Entries taken from a collection

►

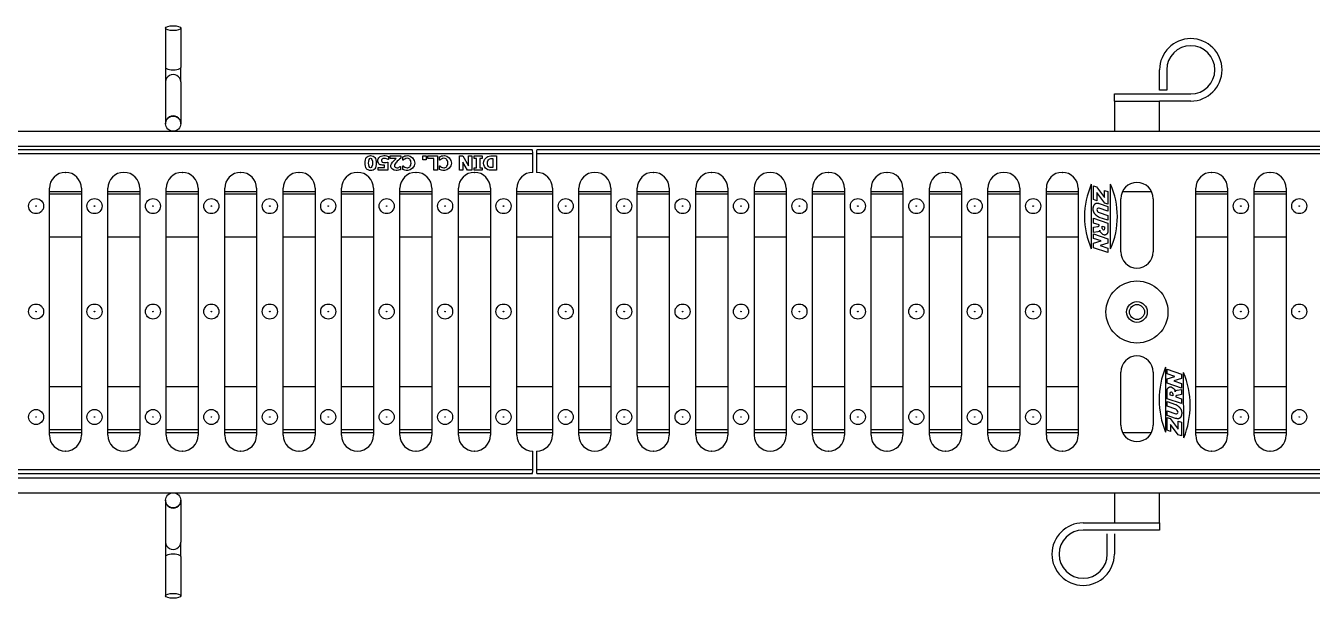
# Model space of a CAD drawing. Header units: inches. Extents: x 72 to 245, y 42 to 80.
# Drawn here: x 190.42 to 211.78, y 70.13 to 79.63 of the extents above; entities that cross this region are included whole.
import ezdxf

# ---------------------------------------------------------------- set-up
doc = ezdxf.new("R2010")
doc.units = ezdxf.units.IN
doc.header["$MEASUREMENT"] = 0
for name, color, linetype in [('Frame', 1, 'Continuous'), ('grate', 40, 'Continuous'), ('Trench', 132, 'Continuous')]:
    doc.layers.add(name, color=color, linetype=linetype)

msp = doc.modelspace()

# ---------------------------------------------------------------- linework, layer by layer
at = {"layer": 'Frame', "color": 7}
for p, q in [((192.7416445, 79.5947892), (192.7416445, 78.9437747)), ((192.9916445, 79.5947892), (192.9916445, 78.9437747)), ((192.7416445, 78.9437747), (192.7416445, 78.7059554)), ((192.9916445, 78.7059554), (192.9916445, 78.9437747)), ((209.2416445, 78.5654403), (209.2416445, 78.9029403)), ((209.3601445, 78.9029403), (209.3601445, 78.5654403)), ((192.7416445, 78.7059554), (192.7416445, 78.0193909)), ((192.9916445, 78.7059554), (192.9916445, 78.0193909)), ((208.4916445, 78.3844403), (208.4916445, 78.5029403)), ((208.4916445, 78.5029403), (209.7601445, 78.5029403)), ((208.4916445, 78.3844403), (209.2416445, 78.3844403)), ((208.4916445, 78.3844403), (208.4916445, 77.8844403)), ((208.4916445, 78.3844403), (209.2416445, 78.3844403)), ((209.3601445, 78.5654403), (209.2416445, 78.5654403)), ((209.2416445, 77.8844403), (209.2416445, 78.3844403)), ((209.7601445, 78.3844403), (209.2416445, 78.3844403)), ((192.7416445, 78.0193909), (192.7416445, 78.0094403)), ((192.9916445, 78.0094403), (192.9916445, 78.0193909)), ((118.8666445, 77.8844403), (238.8666445, 77.8844403)), ((118.8666445, 77.6344403), (238.8666445, 77.6344403)), ((190.8118945, 76.8844403), (191.3418945, 76.8844403)), ((191.7818945, 76.8844403), (192.3118945, 76.8844403)), ((192.7518945, 76.8844403), (193.2818945, 76.8844403)), ((193.7218945, 76.8844403), (194.2518945, 76.8844403)), ((194.6918945, 76.8844403), (195.2218945, 76.8844403)), ((195.6618945, 76.8844403), (196.1918945, 76.8844403)), ((196.6318945, 76.8844403), (197.1618945, 76.8844403)), ((197.6018945, 76.8844403), (198.1318945, 76.8844403)), ((198.5718945, 76.8844403), (199.1618945, 76.8844403)), ((199.6018945, 76.8844403), (200.1318945, 76.8844403)), ((200.5718945, 76.8844403), (201.1018945, 76.8844403)), ((201.5418945, 76.8844403), (202.0718945, 76.8844403)), ((202.5118945, 76.8844403), (203.0418945, 76.8844403)), ((203.4818945, 76.8844403), (204.0118945, 76.8844403)), ((204.4518945, 76.8844403), (204.9818945, 76.8844403)), ((205.4218945, 76.8844403), (205.9518945, 76.8844403)), ((206.3918945, 76.8844403), (206.9218945, 76.8844403)), ((207.3618945, 76.8844403), (207.8918945, 76.8844403)), ((208.6250268, 76.8844403), (209.1087623, 76.8844403)), ((209.8418945, 76.8844403), (210.3718945, 76.8844403)), ((210.8118945, 76.8844403), (211.3418945, 76.8844403)), ((190.8118945, 72.8844403), (191.3418945, 72.8844403)), ((191.7818945, 72.8844403), (192.3118945, 72.8844403)), ((192.7518945, 72.8844403), (193.2818945, 72.8844403)), ((193.7218945, 72.8844403), (194.2518945, 72.8844403)), ((194.6918945, 72.8844403), (195.2218945, 72.8844403)), ((195.6618945, 72.8844403), (196.1918945, 72.8844403)), ((196.6318945, 72.8844403), (197.1618945, 72.8844403)), ((197.6018945, 72.8844403), (198.1318945, 72.8844403)), ((198.5718945, 72.8844403), (199.1618945, 72.8844403)), ((199.6018945, 72.8844403), (200.1318945, 72.8844403)), ((200.5718945, 72.8844403), (201.1018945, 72.8844403)), ((201.5418945, 72.8844403), (202.0718945, 72.8844403)), ((202.5118945, 72.8844403), (203.0418945, 72.8844403)), ((203.4818945, 72.8844403), (204.0118945, 72.8844403)), ((204.4518945, 72.8844403), (204.9818945, 72.8844403)), ((205.4218945, 72.8844403), (205.9518945, 72.8844403)), ((206.3918945, 72.8844403), (206.9218945, 72.8844403)), ((207.3618945, 72.8844403), (207.8918945, 72.8844403)), ((208.6250268, 72.8844403), (209.1087623, 72.8844403)), ((209.8418945, 72.8844403), (210.3718945, 72.8844403)), ((210.8118945, 72.8844403), (211.3418945, 72.8844403)), ((118.8666445, 72.1344403), (238.8666445, 72.1344403)), ((118.8666445, 71.8844403), (238.8666445, 71.8844403)), ((208.4916445, 71.8844403), (208.4916445, 71.3844403)), ((209.2416445, 71.3844403), (209.2416445, 71.8844403)), ((192.7416445, 71.7594403), (192.7416445, 71.7494897)), ((192.7416445, 71.7494897), (192.7416445, 71.0629252)), ((192.9916445, 71.7494897), (192.9916445, 71.7594403)), ((192.9916445, 71.7494897), (192.9916445, 71.0629252)), ((207.9731445, 71.3844403), (208.4916445, 71.3844403)), ((208.4916445, 71.3844403), (209.2416445, 71.3844403)), ((208.4916445, 71.3844403), (209.2416445, 71.3844403)), ((209.2416445, 71.3844403), (209.2416445, 71.2659403)), ((209.2416445, 71.2659403), (207.9731445, 71.2659403)), ((208.3731445, 70.8659403), (208.3731445, 71.2034403)), ((208.4916445, 71.2034403), (208.4916445, 70.8659403)), ((192.7416445, 71.0629252), (192.7416445, 70.8251059)), ((192.9916445, 70.8251059), (192.9916445, 71.0629252)), ((192.7416445, 70.8251059), (192.7416445, 70.1740914)), ((192.9916445, 70.8251059), (192.9916445, 70.1740914))]:
    msp.add_line(p, q, dxfattribs=at)
for centre in [(192.8666445, 78.0094403), (192.8666445, 71.7594403)]:
    msp.add_circle(centre, 0.125, dxfattribs=at)
for centre, radius, start, end in [((209.7601445, 78.9029403), 0.5185, 270, 180), ((209.7601445, 78.9029403), 0.4, 270, 180), ((207.9731445, 70.8659403), 0.5185, 90, 0), ((207.9731445, 70.8659403), 0.4, 90, 0)]:
    msp.add_arc(centre, radius, start, end, dxfattribs=at)
for centre, major_axis in [((192.8666445, 79.5947892), (0.125, 0)), ((192.8666445, 70.1740914), (-0.125, 0))]:
    msp.add_ellipse(centre, major_axis=major_axis, ratio=0.3214394653, dxfattribs=at)
for centre, ratio, start_param, end_param in [((192.8666445, 78.9437747), 0.3214394653, 3.1415926536, 6.2831853072), ((192.8666445, 78.7059554), 0.9469301295, 0, 3.1415926536), ((192.8666445, 78.0193909), 0.9469301295, 0, 3.1415926536), ((192.8666445, 71.7494897), 0.9469301295, 3.1415926536, 6.2831853072), ((192.8666445, 71.0629252), 0.9469301295, 3.1415926536, 6.2831853072), ((192.8666445, 70.8251059), 0.3214394653, 0, 3.1415926536)]:
    msp.add_ellipse(centre, major_axis=(0.125, 0), ratio=ratio, start_param=start_param, end_param=end_param, dxfattribs=at)
at = {"layer": 'grate', "color": 7}
for p, q in [((198.8282775, 77.5764618), (178.9055116, 77.5764618)), ((218.8282775, 77.5764618), (198.9055116, 77.5764618)), ((178.8981445, 77.5164618), (198.8356445, 77.5164618)), ((196.3725468, 77.281001), (196.3725468, 77.3208713)), ((196.424281, 77.3704661), (196.4295323, 77.3704661)), ((196.4295323, 77.3704661), (196.4295323, 77.2356849)), ((196.4398402, 77.4138373), (196.4343945, 77.4138373)), ((196.4398402, 77.4661549), (196.4398402, 77.4138373)), ((196.4686246, 77.4303689), (196.4686246, 77.4756849)), ((196.4686246, 77.4756849), (196.6450266, 77.4756849)), ((196.5703426, 77.4303689), (196.4686246, 77.4303689)), ((196.6450266, 77.4756849), (196.6450266, 77.4365925)), ((196.6800347, 77.4033348), (196.6800347, 77.4597368)), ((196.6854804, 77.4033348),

◄

* [AIM OF THE TASK]:
From the entries above, write out only the lines starting at the line that holds "import ezdxf" and ending at the line that holds "msp = doc.modelspace()", keeping both and matching them exactly.

* [ANSWER AREA]:
import ezdxf

# ---------------------------------------------------------------- set-up
doc = ezdxf.new("R2010")
doc.units = ezdxf.units.IN
doc.header["$MEASUREMENT"] = 0
for name, color, linetype in [('Frame', 1, 'Continuous'), ('grate', 40, 'Continuous'), ('Trench', 132, 'Continuous')]:
    doc.layers.add(name, color=color, linetype=linetype)

msp = doc.modelspace()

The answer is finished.